### What the task asks
Print exactly the lines below between the line holding "line L31 (-128.27, -41.91)" and the line holding "line L47 (-2.54, -41.91) -> (-5.08, -41.91)", inclusive, and nothing more.

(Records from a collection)
────────────────────────────────────────
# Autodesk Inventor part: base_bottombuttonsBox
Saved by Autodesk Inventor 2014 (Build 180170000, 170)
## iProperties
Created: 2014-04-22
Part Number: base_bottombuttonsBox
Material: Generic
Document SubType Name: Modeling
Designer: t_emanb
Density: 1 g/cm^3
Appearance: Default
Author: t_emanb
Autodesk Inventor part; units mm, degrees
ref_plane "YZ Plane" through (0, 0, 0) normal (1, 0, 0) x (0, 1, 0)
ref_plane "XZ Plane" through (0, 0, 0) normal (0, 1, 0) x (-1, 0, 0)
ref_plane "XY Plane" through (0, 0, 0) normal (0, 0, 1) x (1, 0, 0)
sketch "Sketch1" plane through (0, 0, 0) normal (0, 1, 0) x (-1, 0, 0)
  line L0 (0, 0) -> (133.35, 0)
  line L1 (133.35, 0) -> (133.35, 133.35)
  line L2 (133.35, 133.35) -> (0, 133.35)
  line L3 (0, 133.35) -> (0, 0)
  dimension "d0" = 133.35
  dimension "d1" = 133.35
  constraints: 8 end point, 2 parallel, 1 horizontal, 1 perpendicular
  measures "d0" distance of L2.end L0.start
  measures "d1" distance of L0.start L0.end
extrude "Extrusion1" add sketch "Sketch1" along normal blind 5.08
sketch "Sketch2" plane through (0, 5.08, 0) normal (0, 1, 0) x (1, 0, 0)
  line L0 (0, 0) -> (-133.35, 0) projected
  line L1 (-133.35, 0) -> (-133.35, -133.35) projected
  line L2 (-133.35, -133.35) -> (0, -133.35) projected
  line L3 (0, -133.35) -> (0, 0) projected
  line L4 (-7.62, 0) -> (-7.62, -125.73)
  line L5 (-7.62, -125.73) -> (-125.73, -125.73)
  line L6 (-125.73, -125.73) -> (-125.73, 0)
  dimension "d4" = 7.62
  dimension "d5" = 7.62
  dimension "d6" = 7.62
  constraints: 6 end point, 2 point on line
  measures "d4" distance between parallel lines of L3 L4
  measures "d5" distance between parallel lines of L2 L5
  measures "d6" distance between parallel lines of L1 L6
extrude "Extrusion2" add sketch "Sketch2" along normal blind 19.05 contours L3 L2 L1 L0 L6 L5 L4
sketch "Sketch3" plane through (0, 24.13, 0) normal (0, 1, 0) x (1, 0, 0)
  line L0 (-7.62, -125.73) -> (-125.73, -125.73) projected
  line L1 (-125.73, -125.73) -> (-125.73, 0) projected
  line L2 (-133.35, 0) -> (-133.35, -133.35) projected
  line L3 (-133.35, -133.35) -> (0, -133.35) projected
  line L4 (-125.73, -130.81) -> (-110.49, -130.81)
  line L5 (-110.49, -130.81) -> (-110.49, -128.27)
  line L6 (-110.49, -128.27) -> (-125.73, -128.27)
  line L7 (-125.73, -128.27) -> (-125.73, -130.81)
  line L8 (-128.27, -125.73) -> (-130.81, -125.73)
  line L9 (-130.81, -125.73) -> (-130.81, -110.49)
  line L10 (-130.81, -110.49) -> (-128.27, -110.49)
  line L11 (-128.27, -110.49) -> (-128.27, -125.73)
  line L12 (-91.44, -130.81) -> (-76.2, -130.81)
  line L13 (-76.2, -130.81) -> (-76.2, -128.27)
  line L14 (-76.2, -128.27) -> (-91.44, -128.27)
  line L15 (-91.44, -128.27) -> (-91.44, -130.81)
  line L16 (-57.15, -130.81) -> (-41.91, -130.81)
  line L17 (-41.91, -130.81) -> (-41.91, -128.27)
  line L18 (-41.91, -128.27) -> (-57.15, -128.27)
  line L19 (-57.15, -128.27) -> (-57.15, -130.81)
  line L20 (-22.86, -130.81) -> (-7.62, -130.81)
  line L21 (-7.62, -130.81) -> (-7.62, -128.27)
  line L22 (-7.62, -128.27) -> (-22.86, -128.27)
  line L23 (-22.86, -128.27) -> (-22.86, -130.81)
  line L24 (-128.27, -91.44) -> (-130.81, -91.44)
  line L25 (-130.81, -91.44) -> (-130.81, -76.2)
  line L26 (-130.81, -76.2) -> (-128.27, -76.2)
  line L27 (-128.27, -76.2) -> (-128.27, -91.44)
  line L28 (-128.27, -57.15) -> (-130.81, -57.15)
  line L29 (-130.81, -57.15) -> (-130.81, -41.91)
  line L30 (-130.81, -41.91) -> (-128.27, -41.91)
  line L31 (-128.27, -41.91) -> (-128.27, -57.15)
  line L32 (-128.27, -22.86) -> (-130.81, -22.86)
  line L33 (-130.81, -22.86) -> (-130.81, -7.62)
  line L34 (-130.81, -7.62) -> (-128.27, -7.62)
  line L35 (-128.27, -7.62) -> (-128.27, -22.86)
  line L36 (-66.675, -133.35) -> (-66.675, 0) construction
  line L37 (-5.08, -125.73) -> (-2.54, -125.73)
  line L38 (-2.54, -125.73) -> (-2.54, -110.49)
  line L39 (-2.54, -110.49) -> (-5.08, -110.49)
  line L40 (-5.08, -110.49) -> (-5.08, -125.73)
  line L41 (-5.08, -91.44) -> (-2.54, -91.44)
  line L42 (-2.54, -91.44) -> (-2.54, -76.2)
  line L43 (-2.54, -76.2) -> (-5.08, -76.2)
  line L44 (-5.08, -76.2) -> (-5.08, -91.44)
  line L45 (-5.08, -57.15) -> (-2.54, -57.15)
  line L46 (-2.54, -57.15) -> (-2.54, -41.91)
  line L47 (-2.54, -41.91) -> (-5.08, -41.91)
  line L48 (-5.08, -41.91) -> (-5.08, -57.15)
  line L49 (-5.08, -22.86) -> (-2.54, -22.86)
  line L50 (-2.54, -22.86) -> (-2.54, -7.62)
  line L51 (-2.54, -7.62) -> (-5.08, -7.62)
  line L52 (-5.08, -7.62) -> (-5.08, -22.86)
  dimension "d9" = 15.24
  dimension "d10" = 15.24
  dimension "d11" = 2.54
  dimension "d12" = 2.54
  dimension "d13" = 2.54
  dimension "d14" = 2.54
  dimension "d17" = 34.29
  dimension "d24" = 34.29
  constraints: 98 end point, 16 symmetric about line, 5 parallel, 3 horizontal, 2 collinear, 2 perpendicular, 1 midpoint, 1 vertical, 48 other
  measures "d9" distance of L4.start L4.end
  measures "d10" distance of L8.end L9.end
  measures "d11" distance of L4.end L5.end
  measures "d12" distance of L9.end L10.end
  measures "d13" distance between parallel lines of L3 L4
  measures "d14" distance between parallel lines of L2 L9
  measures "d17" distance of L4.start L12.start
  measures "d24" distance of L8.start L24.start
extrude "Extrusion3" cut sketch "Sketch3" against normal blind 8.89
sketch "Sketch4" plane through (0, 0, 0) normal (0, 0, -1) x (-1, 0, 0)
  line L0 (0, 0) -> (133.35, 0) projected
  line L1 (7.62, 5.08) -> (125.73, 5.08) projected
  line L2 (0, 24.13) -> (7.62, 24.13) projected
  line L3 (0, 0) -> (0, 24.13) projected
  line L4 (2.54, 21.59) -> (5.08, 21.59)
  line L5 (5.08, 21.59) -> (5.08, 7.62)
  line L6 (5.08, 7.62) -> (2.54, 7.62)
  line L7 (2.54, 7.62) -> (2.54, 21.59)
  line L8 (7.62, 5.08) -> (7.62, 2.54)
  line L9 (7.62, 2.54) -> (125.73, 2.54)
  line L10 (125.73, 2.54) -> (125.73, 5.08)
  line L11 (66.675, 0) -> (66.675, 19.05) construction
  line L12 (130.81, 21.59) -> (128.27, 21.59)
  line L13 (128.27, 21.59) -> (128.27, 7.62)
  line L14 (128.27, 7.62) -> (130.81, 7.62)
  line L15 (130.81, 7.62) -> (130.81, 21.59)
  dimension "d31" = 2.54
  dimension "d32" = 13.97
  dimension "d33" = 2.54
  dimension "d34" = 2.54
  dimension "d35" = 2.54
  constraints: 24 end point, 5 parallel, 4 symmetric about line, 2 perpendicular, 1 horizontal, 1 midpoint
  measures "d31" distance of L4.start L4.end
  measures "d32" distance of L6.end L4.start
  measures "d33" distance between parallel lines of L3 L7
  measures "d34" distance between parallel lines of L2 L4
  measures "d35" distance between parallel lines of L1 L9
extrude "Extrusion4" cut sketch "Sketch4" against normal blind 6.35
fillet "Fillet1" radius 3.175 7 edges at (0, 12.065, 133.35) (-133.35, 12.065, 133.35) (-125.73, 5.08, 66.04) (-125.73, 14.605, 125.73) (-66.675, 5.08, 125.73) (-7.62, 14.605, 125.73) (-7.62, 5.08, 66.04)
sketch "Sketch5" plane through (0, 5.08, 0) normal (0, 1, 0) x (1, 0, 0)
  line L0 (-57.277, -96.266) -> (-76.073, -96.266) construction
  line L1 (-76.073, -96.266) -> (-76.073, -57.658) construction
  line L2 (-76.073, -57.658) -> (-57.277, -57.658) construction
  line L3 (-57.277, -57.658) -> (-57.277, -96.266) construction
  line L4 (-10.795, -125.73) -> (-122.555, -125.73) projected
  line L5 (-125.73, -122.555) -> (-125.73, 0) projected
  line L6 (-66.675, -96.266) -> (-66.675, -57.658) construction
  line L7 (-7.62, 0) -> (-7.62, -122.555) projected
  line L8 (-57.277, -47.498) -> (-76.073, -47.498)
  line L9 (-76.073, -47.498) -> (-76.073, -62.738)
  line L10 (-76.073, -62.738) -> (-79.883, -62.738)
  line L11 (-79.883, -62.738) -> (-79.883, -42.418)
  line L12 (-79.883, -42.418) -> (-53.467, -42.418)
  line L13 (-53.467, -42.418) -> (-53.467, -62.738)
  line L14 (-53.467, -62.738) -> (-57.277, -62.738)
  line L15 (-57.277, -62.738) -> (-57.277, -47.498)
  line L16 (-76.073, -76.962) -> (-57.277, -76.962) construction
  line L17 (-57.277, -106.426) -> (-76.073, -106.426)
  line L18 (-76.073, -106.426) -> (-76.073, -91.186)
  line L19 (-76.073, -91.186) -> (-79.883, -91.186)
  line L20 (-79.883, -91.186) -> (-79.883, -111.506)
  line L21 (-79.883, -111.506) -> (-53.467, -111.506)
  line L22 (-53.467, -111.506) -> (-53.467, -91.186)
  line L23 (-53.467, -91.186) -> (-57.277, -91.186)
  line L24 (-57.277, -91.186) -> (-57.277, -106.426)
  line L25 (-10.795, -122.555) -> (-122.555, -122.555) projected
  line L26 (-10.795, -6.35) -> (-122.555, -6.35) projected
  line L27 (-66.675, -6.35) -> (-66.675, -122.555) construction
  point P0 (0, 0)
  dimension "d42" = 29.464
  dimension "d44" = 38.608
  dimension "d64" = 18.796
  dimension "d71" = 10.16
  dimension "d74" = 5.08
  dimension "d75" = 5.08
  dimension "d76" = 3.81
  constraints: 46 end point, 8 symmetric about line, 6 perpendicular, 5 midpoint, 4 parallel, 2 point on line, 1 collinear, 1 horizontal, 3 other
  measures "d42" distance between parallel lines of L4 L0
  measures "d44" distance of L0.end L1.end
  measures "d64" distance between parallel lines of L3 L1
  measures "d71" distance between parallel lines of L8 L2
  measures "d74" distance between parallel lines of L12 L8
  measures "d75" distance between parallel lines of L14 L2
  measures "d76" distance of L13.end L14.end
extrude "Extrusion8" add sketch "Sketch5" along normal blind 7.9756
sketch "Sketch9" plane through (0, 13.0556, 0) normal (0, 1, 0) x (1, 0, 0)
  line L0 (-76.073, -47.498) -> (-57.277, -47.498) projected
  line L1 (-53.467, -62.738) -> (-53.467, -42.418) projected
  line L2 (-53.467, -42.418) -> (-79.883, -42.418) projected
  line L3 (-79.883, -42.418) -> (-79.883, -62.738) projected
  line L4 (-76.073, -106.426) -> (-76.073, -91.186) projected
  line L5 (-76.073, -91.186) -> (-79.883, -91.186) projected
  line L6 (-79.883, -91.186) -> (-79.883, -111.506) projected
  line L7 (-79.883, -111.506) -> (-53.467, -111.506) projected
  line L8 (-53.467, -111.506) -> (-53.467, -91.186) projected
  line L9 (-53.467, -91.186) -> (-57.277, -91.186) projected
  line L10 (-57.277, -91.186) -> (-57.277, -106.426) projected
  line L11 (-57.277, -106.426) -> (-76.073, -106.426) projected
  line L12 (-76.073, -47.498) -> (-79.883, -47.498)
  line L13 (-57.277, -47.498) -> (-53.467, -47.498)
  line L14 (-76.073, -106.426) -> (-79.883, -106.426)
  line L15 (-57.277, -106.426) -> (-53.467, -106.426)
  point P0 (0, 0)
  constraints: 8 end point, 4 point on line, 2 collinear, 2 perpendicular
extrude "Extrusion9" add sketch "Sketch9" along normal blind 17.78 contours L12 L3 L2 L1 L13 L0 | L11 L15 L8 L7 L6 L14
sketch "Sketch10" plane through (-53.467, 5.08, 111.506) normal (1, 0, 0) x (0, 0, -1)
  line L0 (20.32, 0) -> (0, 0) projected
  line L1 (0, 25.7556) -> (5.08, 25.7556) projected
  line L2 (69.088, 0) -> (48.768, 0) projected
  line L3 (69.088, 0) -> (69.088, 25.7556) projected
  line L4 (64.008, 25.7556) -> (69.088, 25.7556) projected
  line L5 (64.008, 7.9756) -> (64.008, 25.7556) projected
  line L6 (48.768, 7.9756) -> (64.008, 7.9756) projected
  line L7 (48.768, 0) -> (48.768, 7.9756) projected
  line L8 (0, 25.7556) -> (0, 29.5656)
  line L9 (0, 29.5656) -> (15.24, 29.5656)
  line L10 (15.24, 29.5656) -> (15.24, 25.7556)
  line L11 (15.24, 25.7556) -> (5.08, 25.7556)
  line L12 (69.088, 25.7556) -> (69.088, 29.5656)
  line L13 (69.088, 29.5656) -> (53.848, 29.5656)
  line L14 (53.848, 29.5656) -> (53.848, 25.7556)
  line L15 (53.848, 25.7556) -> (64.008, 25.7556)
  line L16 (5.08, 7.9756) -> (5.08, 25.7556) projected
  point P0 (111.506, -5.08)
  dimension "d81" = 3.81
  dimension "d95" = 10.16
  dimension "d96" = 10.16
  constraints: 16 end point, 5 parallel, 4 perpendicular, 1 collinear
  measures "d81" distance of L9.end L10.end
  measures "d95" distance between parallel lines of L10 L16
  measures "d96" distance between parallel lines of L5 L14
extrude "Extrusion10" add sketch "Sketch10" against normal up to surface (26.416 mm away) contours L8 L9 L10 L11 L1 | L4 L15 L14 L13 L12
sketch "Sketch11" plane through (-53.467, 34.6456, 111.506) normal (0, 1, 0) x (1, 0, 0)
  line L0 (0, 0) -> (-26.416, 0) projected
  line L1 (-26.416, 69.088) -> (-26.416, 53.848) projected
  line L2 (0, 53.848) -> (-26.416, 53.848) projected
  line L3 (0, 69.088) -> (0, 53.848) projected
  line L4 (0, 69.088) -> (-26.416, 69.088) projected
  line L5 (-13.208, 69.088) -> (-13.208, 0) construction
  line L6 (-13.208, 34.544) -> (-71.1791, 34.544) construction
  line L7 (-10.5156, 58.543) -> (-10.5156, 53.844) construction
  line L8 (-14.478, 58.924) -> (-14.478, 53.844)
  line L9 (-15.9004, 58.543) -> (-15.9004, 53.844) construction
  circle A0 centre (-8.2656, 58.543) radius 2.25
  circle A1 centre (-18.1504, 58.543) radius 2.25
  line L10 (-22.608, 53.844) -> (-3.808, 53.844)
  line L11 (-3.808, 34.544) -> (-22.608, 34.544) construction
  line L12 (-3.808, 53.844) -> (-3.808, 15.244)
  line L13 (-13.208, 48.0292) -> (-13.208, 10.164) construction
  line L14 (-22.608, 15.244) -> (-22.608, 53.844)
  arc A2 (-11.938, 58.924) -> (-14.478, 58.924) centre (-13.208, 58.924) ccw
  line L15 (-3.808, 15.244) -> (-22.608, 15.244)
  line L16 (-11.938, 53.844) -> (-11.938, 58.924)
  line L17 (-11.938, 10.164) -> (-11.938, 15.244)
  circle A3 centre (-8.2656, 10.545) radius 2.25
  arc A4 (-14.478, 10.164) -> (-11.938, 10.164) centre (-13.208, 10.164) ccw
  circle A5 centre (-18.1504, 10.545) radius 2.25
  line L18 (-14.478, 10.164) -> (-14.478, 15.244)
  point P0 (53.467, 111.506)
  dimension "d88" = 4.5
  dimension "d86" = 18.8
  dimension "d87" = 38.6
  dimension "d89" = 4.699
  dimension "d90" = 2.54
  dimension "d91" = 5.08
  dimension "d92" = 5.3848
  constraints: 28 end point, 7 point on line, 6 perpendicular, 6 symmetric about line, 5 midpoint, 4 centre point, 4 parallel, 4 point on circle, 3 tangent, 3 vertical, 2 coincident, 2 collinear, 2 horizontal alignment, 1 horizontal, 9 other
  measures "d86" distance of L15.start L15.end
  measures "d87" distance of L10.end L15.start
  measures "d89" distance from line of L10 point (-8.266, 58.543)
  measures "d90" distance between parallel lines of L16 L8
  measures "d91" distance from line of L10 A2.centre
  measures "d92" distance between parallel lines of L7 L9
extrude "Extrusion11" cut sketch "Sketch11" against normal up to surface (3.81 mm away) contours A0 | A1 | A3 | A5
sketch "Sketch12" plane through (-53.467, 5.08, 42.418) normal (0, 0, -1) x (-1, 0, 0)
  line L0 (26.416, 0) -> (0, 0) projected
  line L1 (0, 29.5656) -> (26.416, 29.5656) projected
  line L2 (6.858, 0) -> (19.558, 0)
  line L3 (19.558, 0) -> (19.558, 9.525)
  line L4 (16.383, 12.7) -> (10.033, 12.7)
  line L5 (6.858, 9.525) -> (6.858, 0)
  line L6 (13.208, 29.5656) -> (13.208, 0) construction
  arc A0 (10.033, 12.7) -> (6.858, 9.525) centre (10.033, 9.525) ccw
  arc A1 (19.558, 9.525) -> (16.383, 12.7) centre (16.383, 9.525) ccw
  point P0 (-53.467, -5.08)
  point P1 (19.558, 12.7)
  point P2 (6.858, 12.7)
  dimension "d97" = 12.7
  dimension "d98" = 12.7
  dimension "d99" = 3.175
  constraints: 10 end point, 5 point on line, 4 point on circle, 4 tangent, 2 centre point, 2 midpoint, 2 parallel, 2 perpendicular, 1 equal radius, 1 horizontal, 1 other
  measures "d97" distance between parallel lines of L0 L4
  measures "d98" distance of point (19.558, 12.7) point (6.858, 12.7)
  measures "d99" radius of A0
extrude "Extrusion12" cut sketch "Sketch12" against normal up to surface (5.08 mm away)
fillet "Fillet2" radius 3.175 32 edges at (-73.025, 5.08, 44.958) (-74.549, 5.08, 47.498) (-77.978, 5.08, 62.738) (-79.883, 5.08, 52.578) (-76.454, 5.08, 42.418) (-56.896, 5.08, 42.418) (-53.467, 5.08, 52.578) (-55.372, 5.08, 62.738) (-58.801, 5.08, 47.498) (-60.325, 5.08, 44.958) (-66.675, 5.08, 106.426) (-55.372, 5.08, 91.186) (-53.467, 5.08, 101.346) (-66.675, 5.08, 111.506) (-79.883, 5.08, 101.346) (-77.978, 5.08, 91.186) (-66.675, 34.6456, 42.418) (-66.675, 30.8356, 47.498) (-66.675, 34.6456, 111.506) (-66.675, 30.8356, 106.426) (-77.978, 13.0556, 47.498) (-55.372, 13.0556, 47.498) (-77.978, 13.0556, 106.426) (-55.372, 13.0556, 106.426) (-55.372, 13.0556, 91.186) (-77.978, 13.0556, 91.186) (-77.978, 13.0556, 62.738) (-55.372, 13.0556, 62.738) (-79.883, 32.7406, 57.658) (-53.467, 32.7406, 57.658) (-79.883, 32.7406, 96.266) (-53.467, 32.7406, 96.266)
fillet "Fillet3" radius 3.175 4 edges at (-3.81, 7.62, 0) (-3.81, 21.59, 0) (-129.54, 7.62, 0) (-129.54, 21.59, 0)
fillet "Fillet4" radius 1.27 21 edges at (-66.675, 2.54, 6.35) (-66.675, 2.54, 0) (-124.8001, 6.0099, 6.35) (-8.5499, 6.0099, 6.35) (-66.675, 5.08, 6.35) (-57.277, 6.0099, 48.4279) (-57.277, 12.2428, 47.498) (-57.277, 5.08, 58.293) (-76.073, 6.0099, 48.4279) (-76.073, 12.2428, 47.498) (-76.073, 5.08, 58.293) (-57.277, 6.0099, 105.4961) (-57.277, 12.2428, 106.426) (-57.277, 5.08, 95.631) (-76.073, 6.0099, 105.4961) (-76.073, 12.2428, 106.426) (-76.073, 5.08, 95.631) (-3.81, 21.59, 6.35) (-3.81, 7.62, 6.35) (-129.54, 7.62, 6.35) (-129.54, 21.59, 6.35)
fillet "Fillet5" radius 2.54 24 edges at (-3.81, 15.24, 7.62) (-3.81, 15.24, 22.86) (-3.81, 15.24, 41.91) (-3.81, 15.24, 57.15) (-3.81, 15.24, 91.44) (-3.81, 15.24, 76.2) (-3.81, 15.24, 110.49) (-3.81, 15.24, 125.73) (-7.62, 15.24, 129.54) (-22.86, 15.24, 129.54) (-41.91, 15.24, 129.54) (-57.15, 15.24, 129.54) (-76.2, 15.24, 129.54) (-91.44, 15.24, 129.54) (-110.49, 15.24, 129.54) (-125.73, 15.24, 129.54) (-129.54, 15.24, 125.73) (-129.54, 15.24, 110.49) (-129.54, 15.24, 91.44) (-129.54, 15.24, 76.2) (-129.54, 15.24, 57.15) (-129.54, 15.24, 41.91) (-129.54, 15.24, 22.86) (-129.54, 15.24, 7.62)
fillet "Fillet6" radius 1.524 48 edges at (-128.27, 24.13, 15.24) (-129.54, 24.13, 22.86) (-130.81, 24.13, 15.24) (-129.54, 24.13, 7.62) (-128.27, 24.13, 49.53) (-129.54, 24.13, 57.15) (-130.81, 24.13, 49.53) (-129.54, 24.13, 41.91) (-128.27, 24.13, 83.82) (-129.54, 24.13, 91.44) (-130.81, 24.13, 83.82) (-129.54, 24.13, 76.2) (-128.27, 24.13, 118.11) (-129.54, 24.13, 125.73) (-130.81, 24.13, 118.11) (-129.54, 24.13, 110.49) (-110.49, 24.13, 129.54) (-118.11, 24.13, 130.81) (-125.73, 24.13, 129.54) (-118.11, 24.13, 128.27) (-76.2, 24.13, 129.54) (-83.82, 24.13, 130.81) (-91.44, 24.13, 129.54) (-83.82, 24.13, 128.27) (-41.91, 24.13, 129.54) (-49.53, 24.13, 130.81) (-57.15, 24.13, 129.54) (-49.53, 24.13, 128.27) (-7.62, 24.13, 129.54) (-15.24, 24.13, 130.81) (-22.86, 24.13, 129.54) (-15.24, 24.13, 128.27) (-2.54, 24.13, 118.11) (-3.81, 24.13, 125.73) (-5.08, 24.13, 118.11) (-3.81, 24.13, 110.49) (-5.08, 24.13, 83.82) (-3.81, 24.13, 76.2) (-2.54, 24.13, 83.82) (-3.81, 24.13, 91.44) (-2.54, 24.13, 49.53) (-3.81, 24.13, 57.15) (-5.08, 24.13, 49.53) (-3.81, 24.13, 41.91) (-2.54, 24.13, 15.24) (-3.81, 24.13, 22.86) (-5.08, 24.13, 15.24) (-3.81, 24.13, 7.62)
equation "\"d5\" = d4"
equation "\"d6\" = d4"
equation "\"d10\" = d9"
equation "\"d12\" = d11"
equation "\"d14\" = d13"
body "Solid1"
────────────────────────────────────────
### Written solution
  line L31 (-128.27, -41.91) -> (-128.27, -57.15)
  line L32 (-128.27, -22.86) -> (-130.81, -22.86)
  line L33 (-130.81, -22.86) -> (-130.81, -7.62)
  line L34 (-130.81, -7.62) -> (-128.27, -7.62)
  line L35 (-128.27, -7.62) -> (-128.27, -22.86)
  line L36 (-66.675, -133.35) -> (-66.675, 0) construction
  line L37 (-5.08, -125.73) -> (-2.54, -125.73)
  line L38 (-2.54, -125.73) -> (-2.54, -110.49)
  line L39 (-2.54, -110.49) -> (-5.08, -110.49)
  line L40 (-5.08, -110.49) -> (-5.08, -125.73)
  line L41 (-5.08, -91.44) -> (-2.54, -91.44)
  line L42 (-2.54, -91.44) -> (-2.54, -76.2)
  line L43 (-2.54, -76.2) -> (-5.08, -76.2)
  line L44 (-5.08, -76.2) -> (-5.08, -91.44)
  line L45 (-5.08, -57.15) -> (-2.54, -57.15)
  line L46 (-2.54, -57.15) -> (-2.54, -41.91)
  line L47 (-2.54, -41.91) -> (-5.08, -41.91)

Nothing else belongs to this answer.